Ein Recht für arbeitnehmerähnliche Personen – was heißt das?
Arbeitnehmerähnliche Personen haben seit dem 1. Januar 2015 einen gesetzlichen Anspruch auf Familienpflegezeit, der den bereits bestehenden Anspruch auf Pflegezeit ergänzt. Als arbeitnehmerähnlich ist jede frei journalistisch tätige Person einzustufen, die von ihrem Auftraggebenden wirtschaftlich abhängig gilt und als sozial schutzbedürftig einzustufen ist. Das wird regelmäßig der Fall sein, wenn ein Drittel des Einkommens von einem einzigen Auftraggebenden stammt. Auf die Einstufung bei der Sozialversicherung kommt es nicht an. Arbeitnehmerähnlich können daher sowohl solche Freien sein, die über eine Rundfunkanstalt sozialversichert sind als auch diejenigen, die in der Künstlersozialversicherung versichert sind.
Damit sind arbeitnehmerähnliche Freie beim gesetzlichen Anspruch auf Pflegezeit Angestellten gleichgestellt. Insofern gelten die nachfolgenden Punkte selbstverständlich auch für Angestellte gegenüber ihren Arbeitgebern, auch wenn hier nur von arbeitnehmerähnlichen Personen und Auftraggebenden die Rede ist.
Freie, die ständig wechselnde Auftraggebende haben, fallen nicht unter die Regelungen zur Pflegezeit. Der DJV hat ihre Berücksichtigung bei der Politik eingefordert.
Ein Recht für arbeitnehmerähnliche Personen – was heißt das?
Als pflegebedürftig gelten keinesfalls alle kranken Personen, nicht einmal alle schwer kranken nahen Angehörigen. Es muss sich vielmehr um Personen handeln, die in erheblichem oder höherem Maße hilfsbedürftig sind. Etwa bei Lähmungen, Gehbehinderungen oder Gedächtnisstörungen. Wer eine Pflegezeit beanspruchen will, die länger als zehn Tage dauern soll, muss für den nahen Angehörigen eine so genannte Pflegestufe nachweisen. Die genauen Voraussetzungen sind im Sozialgesetzbuch XI genannt, dort in den Paragraphen 14 und 15.
Kurzzeitige Pflege
Arbeitnehmerähnliche Personen haben folgende Rechte bei kurzzeitigem Pflegebedarf:
– Recht auf zehn Tage Abwesenheit von der Arbeit, wenn der Pflegebedarf eines nahen Angehörigen akut auftritt.

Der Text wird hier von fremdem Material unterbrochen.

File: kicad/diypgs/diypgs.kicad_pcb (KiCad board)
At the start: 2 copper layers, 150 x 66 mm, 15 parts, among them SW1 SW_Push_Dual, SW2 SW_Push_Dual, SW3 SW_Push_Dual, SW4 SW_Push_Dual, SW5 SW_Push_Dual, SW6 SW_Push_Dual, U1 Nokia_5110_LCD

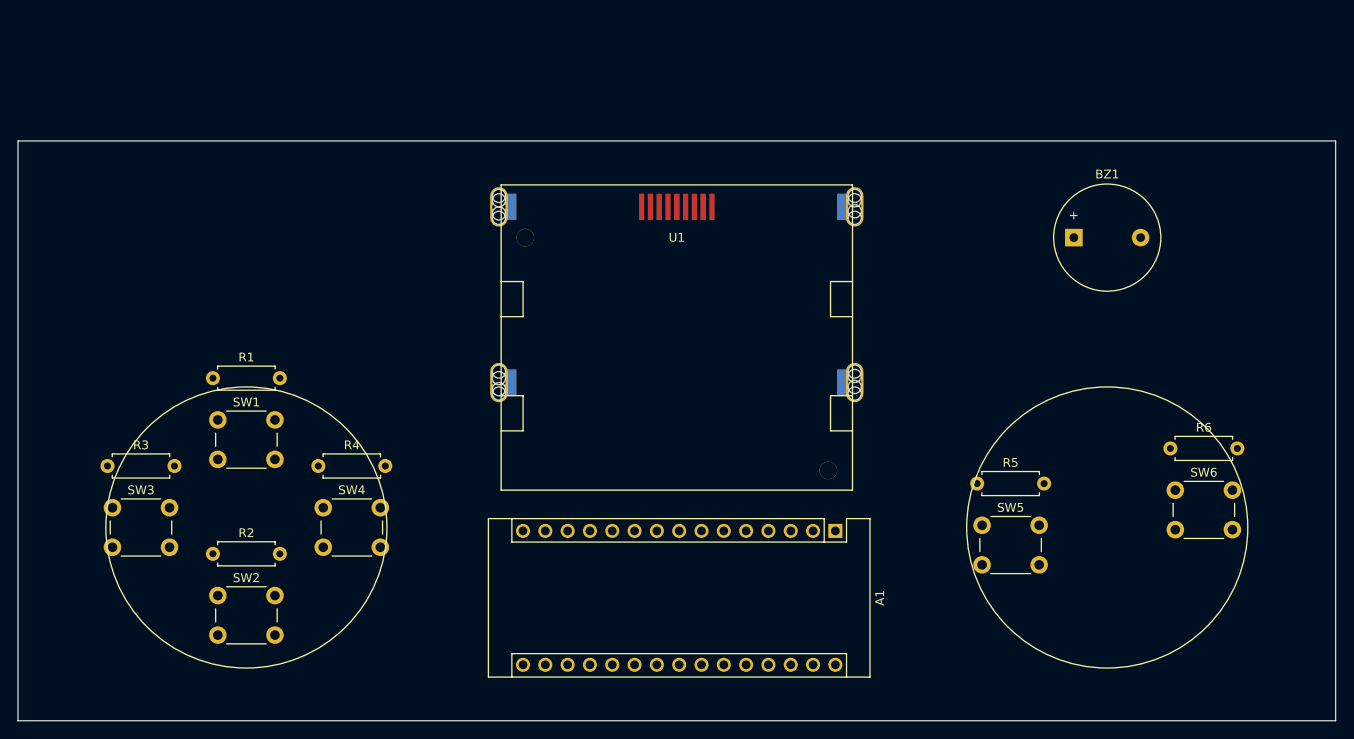
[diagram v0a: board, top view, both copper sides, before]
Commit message: Fix button pad number
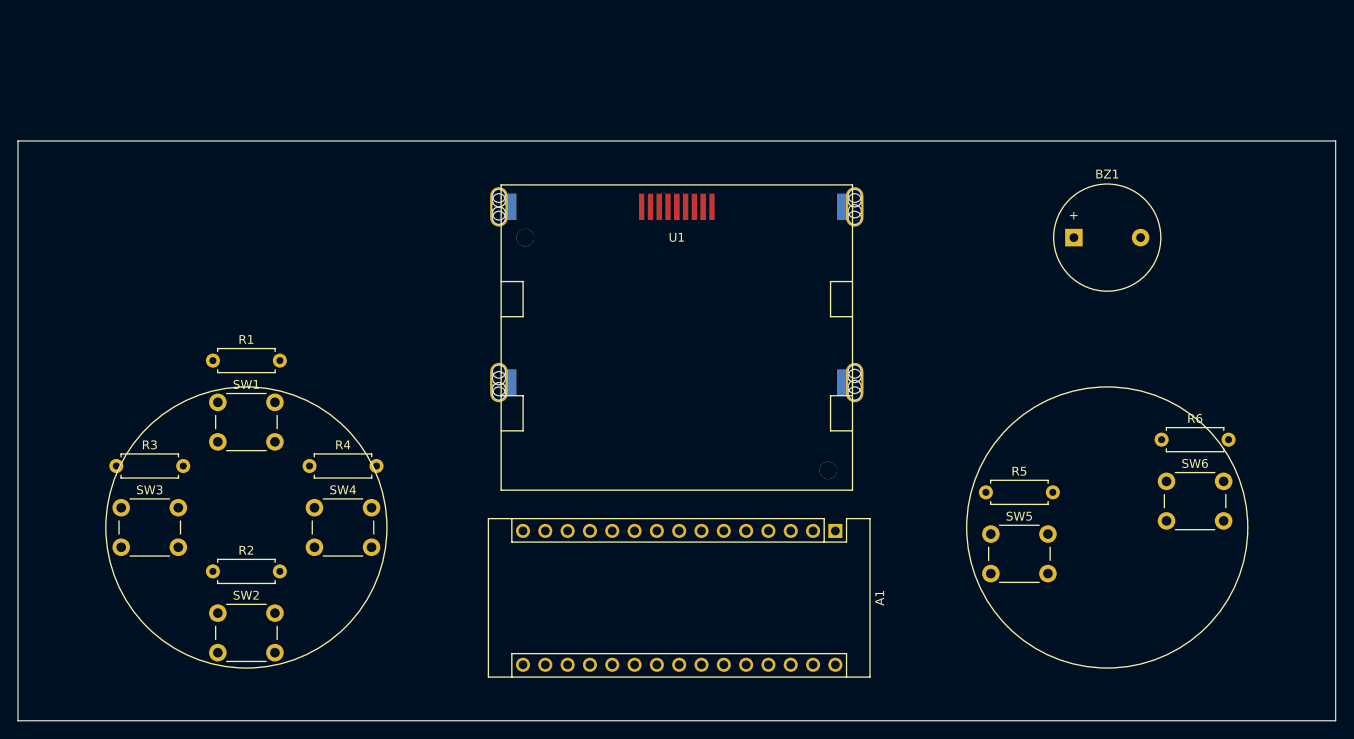
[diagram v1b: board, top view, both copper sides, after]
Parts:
- SW1, SW2, SW3, SW4, SW5, SW6: footprint Button_Switch_THT:SW_PUSH_6mm -> Footprints:SW_PUSH_6mm_ALT
- moved R1 2.00 mm to (72.2, 75.0)
- moved R2 2.00 mm to (72.2, 99.0)
- moved SW1 2.00 mm to (72.8, 79.8)
- moved SW2 2.00 mm to (72.8, 103.8)
- moved R5 1.41 mm to (160.2, 90.0)
- moved R6 1.41 mm to (180.2, 84.0)
- moved SW5 1.41 mm to (160.8, 94.8)
- moved SW6 1.41 mm to (180.8, 88.8)
- moved R3 1.00 mm to (61.2, 87.0)
- moved R4 1.00 mm to (83.2, 87.0)
- moved SW3 1.00 mm to (61.8, 91.8)
- moved SW4 1.00 mm to (83.8, 91.8)
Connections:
- R2 pad 1: Net-(R2-Pad1) -> Net-(SW2-Pad3)
- SW1 pad 1: Net-(R1-Pad1) -> +3V3
- SW1 pad 2: +3V3 -> unconnected-(SW1-Pad2)

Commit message: Add PCB tracks
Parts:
- moved SW5 7.91 mm to (167.2, 99.2), turned to 180 degrees
- moved SW6 7.91 mm to (187.2, 93.2), turned to 180 degrees
- moved R2 7.62 mm to (79.8, 99.0), turned to 180 degrees
- moved R5 7.62 mm to (167.8, 90.0), turned to 180 degrees
- moved R6 7.62 mm to (187.8, 84.0), turned to 180 degrees
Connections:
- A1 pad 10: /ARDUINO_PAD_B_PIN -> /ARDUINO_PAD_RIGHT_PIN
- A1 pad 11: /ARDUINO_BUZZER_PIN -> /ARDUINO_PAD_LEFT_PIN
- A1 pad 12: /ARDUINO_DC_PIN -> /ARDUINO_PAD_DOWN_PIN
- A1 pad 13: /ARDUINO_RESET_PIN -> /ARDUINO_PAD_UP_PIN
- A1 pad 5: /ARDUINO_PAD_UP_PIN -> /ARDUINO_PAD_B_PIN
- A1 pad 6: /ARDUINO_PAD_DOWN_PIN -> /ARDUINO_PAD_A_PIN
- A1 pad 7: /ARDUINO_PAD_LEFT_PIN -> /ARDUINO_BUZZER_PIN
- A1 pad 8: /ARDUINO_PAD_RIGHT_PIN -> /ARDUINO_RESET_PIN
- A1 pad 9: /ARDUINO_PAD_A_PIN -> /ARDUINO_DC_PIN
- SW5 pad 4: /ARDUINO_PAD_A_PIN -> /ARDUINO_PAD_B_PIN
- SW6 pad 4: /ARDUINO_PAD_B_PIN -> /ARDUINO_PAD_A_PIN
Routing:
- net +3V3: track 0.00 -> 133.5 mm
- net GND: track 0.00 -> 110.8 mm
- net /ARDUINO_BUZZER_PIN: track 0.00 -> 64.9 mm
- net /ARDUINO_PAD_A_PIN: track 0.00 -> 53.4 mm
- net /ARDUINO_PAD_B_PIN: track 0.00 -> 29.3 mm
- net Net-(R6-Pad1): track 0.00 -> 4.98 mm
- net Net-(R5-Pad1): track 0.00 -> 4.98 mm

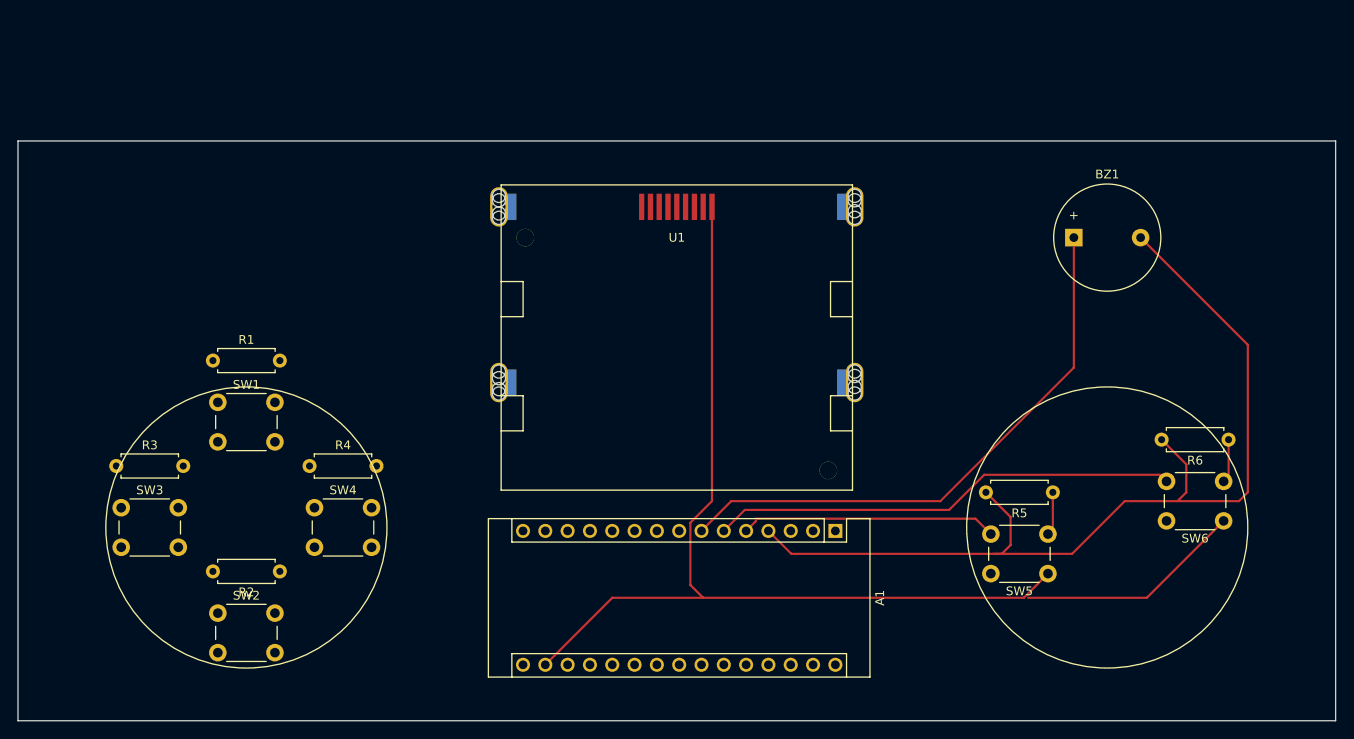
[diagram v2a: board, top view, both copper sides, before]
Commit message: Fix screen symbol and footprint
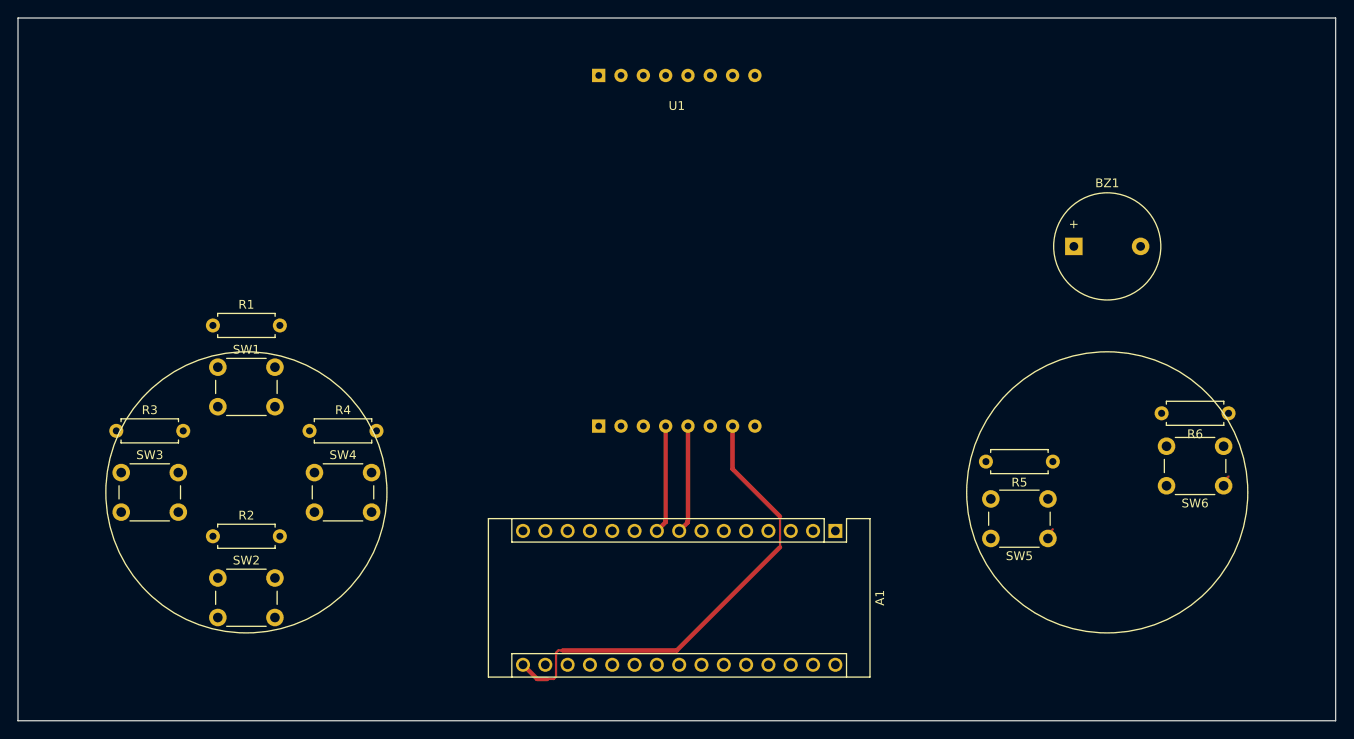
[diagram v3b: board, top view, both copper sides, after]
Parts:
- U1: value Nokia_5110_LCD -> Sparkfun - Graphic LCD 84x48 - Nokia 5110; footprint Nokia_5110-3310_LCD:Nokia_5110-3310_LCD -> Footprints:Sparkfun - Graphic LCD 84x48 - Nokia 5110
- moved U1 15.0 mm to (125.0, 40.0)
- moved R2 8.61 mm to (72.2, 95.0), turned to 0 degrees
- moved R1 4.00 mm to (72.2, 71.0)
- moved R3 4.00 mm to (61.2, 83.0)
- moved R4 4.00 mm to (83.2, 83.0)
- moved SW1 4.00 mm to (72.8, 75.8)
- moved SW2 4.00 mm to (72.8, 99.8)
- moved SW3 4.00 mm to (61.8, 87.8)
- moved SW4 4.00 mm to (83.8, 87.8)
- moved SW5 4.00 mm to (167.2, 95.2)
- moved SW6 4.00 mm to (187.2, 89.2)
- moved R5 3.50 mm to (167.8, 86.5)
- moved R6 3.00 mm to (187.8, 81.0)
- moved BZ1 1.00 mm to (170.2, 62.0)
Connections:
- A1 pad 8: /ARDUINO_RESET_PIN -> /ARDUINO_DC_PIN
- A1 pad 9: /ARDUINO_DC_PIN -> /ARDUINO_RESET_PIN
- U1 pad 1: /ARDUINO_RESET_PIN -> +3V3
- U1 pad 2: unconnected-(U1-Pad2) -> GND
- U1 pad 3: GND -> /ARDUINO_SS_PIN
- U1 pad 4: unconnected-(U1-Pad4) -> /ARDUINO_RESET_PIN
- U1 pad 5: /ARDUINO_SS_PIN -> /ARDUINO_DC_PIN
- U1 pad 6: /ARDUINO_DC_PIN -> /ARDUINO_MOSI_PIN
- U1 pad 7: /ARDUINO_MOSI_PIN -> /ARDUINO_SCK_PIN
- U1 pad 8: /ARDUINO_SCK_PIN -> unconnected-(U1-Pad8)
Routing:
- net +3V3: track 133.5 -> 1.58 mm
- net GND: track 110.8 -> 0.00 mm
- net /ARDUINO_BUZZER_PIN: track 64.9 -> 0.00 mm
- net /ARDUINO_SCK_PIN: track 0.00 -> 53.8 mm
- net /ARDUINO_PAD_A_PIN: track 53.4 -> 0.00 mm
- net /ARDUINO_PAD_B_PIN: track 29.3 -> 0.00 mm
- net /ARDUINO_DC_PIN: track 0.00 -> 12.7 mm
- net /ARDUINO_RESET_PIN: track 0.00 -> 12.4 mm
- net Net-(R6-Pad1): track 4.98 -> 0.00 mm
- net Net-(R5-Pad1): track 4.98 -> 0.00 mm
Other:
- board size 150 x 66 mm -> 150 x 80 mm

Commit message: All tracks routed
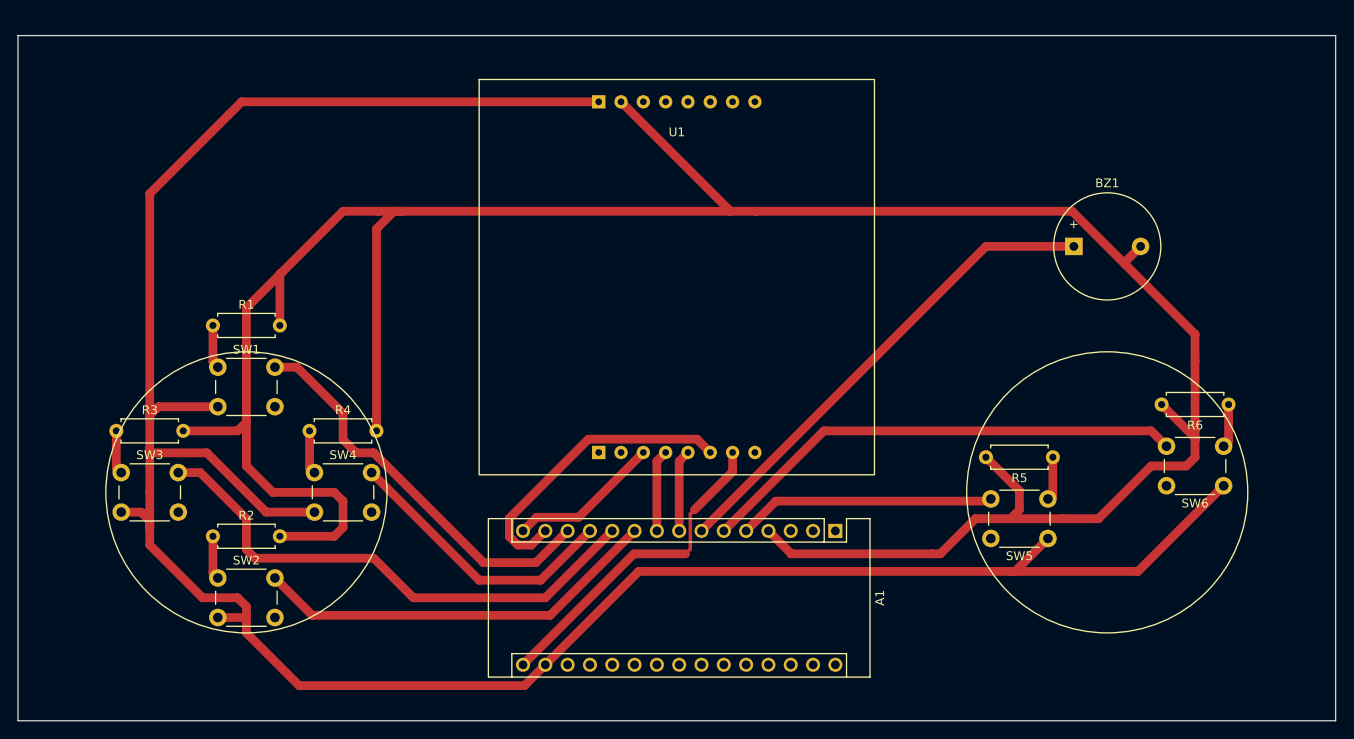
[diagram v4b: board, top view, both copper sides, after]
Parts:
- U1: value Sparkfun - Graphic LCD 84x48 - Nokia 5110 -> Nokia 5110 LCD
- moved U1 3.00 mm to (125.0, 43.0)
- moved R6 1.00 mm to (187.8, 80.0)
- moved R5 0.50 mm to (167.8, 86.0)
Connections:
- A1 pad 10: /ARDUINO_PAD_RIGHT_PIN -> /ARDUINO_PAD_DOWN_PIN
- A1 pad 12: /ARDUINO_PAD_DOWN_PIN -> /ARDUINO_PAD_RIGHT_PIN
- R3 pad 1: Net-(R3-Pad1) -> Net-(SW3-Pad1)
- R4 pad 1: Net-(R4-Pad1) -> Net-(SW4-Pad1)
- SW1 pad 1: +3V3 -> Net-(R1-Pad1)
- SW1 pad 2: unconnected-(SW1-Pad2) -> /ARDUINO_PAD_UP_PIN
- SW1 pad 3: Net-(R1-Pad1) -> +3V3
- SW1 pad 4: /ARDUINO_PAD_UP_PIN -> unconnected-(SW1-Pad4)
- SW2 pad 1: +3V3 -> Net-(R2-Pad1)
- SW2 pad 2: unconnected-(SW2-Pad2) -> /ARDUINO_PAD_DOWN_PIN
- SW2 pad 3: Net-(R2-Pad1) -> +3V3
- SW2 pad 4: /ARDUINO_PAD_DOWN_PIN -> unconnected-(SW2-Pad4)
- SW3 pad 1: +3V3 -> Net-(SW3-Pad1)
- SW3 pad 2: unconnected-(SW3-Pad2) -> /ARDUINO_PAD_LEFT_PIN
- SW3 pad 3: Net-(R3-Pad1) -> +3V3
- SW3 pad 4: /ARDUINO_PAD_LEFT_PIN -> unconnected-(SW3-Pad4)
- SW4 pad 1: +3V3 -> Net-(SW4-Pad1)
- SW4 pad 2: unconnected-(SW4-Pad2) -> /ARDUINO_PAD_RIGHT_PIN
- SW4 pad 3: Net-(R4-Pad1) -> +3V3
- SW4 pad 4: /ARDUINO_PAD_RIGHT_PIN -> unconnected-(SW4-Pad4)
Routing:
- net GND: track 0.00 -> 303.3 mm
- net +3V3: track 1.58 -> 278.5 mm
- net /ARDUINO_PAD_LEFT_PIN: track 0.00 -> 60.5 mm
- net /ARDUINO_PAD_A_PIN: track 0.00 -> 55.8 mm
- net /ARDUINO_BUZZER_PIN: track 0.00 -> 55.8 mm
- net /ARDUINO_PAD_DOWN_PIN: track 0.00 -> 46.7 mm
- net /ARDUINO_PAD_UP_PIN: track 0.00 -> 45.8 mm
- net /ARDUINO_MOSI_PIN: track 0.00 -> 34.5 mm
- net /ARDUINO_PAD_RIGHT_PIN: track 0.00 -> 32.3 mm
- net /ARDUINO_PAD_B_PIN: track 0.00 -> 29.4 mm
- net /ARDUINO_SS_PIN: track 0.00 -> 17.4 mm
- net /ARDUINO_SCK_PIN: track 53.8 -> 37.5 mm
- net Net-(SW4-Pad1): track 0.00 -> 4.98 mm
- net Net-(SW3-Pad1): track 0.00 -> 4.98 mm
- net Net-(R6-Pad1): track 0.00 -> 4.98 mm
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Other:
- board size 150 x 80 mm -> 150 x 78 mm

– Die Abwesenheit darf dazu genutzt werden, entweder selbst die Pflege zu erbringen oder einen Pflegedienst zu organisieren.
– Dem Auftraggebenden ist dazu die Abwesenheit und deren voraussichtliche Dauer unverzüglich mitzuteilen.
– Wenn der Auftraggebende es verlangt, sind eine ärztliche Bescheinigung über den Pflegebedarf einzureichen und die Umstände des Pflegebedarfs darzulegen.
– Eine Wartezeit oder Zustimmung des Auftraggebenden ist nicht erforderlich.
– Es besteht Kündigungsschutz für die Zeit ab Mitteilung des Pflegebedarfs.
– Das Recht besteht gegenüber allen Auftraggebenden, unabhängig von der Größe des Betriebs.
Da es bei kurzfristigem Pflegebedarf natürlich kaum möglich sein wird, die recht aufwändige Anerkennung einer Pflegestufe auf die Schnelle zu erhalten, muss hier mit einer Prognose gearbeitet werden – es kommt dafür darauf an, dass der Eintritt der Pflegebedürftigkeit nach der Tatsachenlage überwiegend wahrscheinlich ist. Wenn der Auftraggebende es verlangt, muss eine ärztliche Bescheinigung vorgelegt werden, in der diese Einschätzung bestätigt wird.Der Auftraggebende hat die Vergütung nur weiterzuzahlen, wenn er dazu durch Vereinbarung oder Gesetz verpflichtet ist. Besteht keine Verpflichtung des Auftraggebenden, haben arbeitnehmerähnliche Personen einen Anspruch gegenüber der Pflegekasse des Angehörigen auf Zahlung von Pflegeunterstützungsgeld.
Handelt es sich um die eigenen Kinder bis zum Alter von 12 Jahren, besteht gegen die Krankenkasse ein Anspruch auf Zahlung von Kinderkrankengeld. Dieser Anspruch gilt auch für Freie, die nicht arbeitnehmerähnlich, sondern „voll“ selbständig sind.
Pflege für bis zu sechs Monate
Ein Rechtsanspruch auf volle oder teilweise Freistellung für eine bis zu sechs Monate andauernden Pflege besteht nur gegenüber Auftraggebenden mit mindestens 16 Beschäftigten (hierbei zählen auch andere arbeitnehmerähnliche Personen mit, nicht aber die Auszubildenden).
Hier bestehen folgende Rechte:
- Vollständige oder teilweise Freistellung von der Arbeit.
- Pflege eines nahe stehenden Angehörigen, der nach einer Bescheinigung der Pflegekasse pflegebedürftig ist.
- Die Pflege muss in häuslicher Umgebung erfolgen. Bei minderjährigen Angehörigen besteht der
- Anspruch auch bei außerhäuslicher Pflege.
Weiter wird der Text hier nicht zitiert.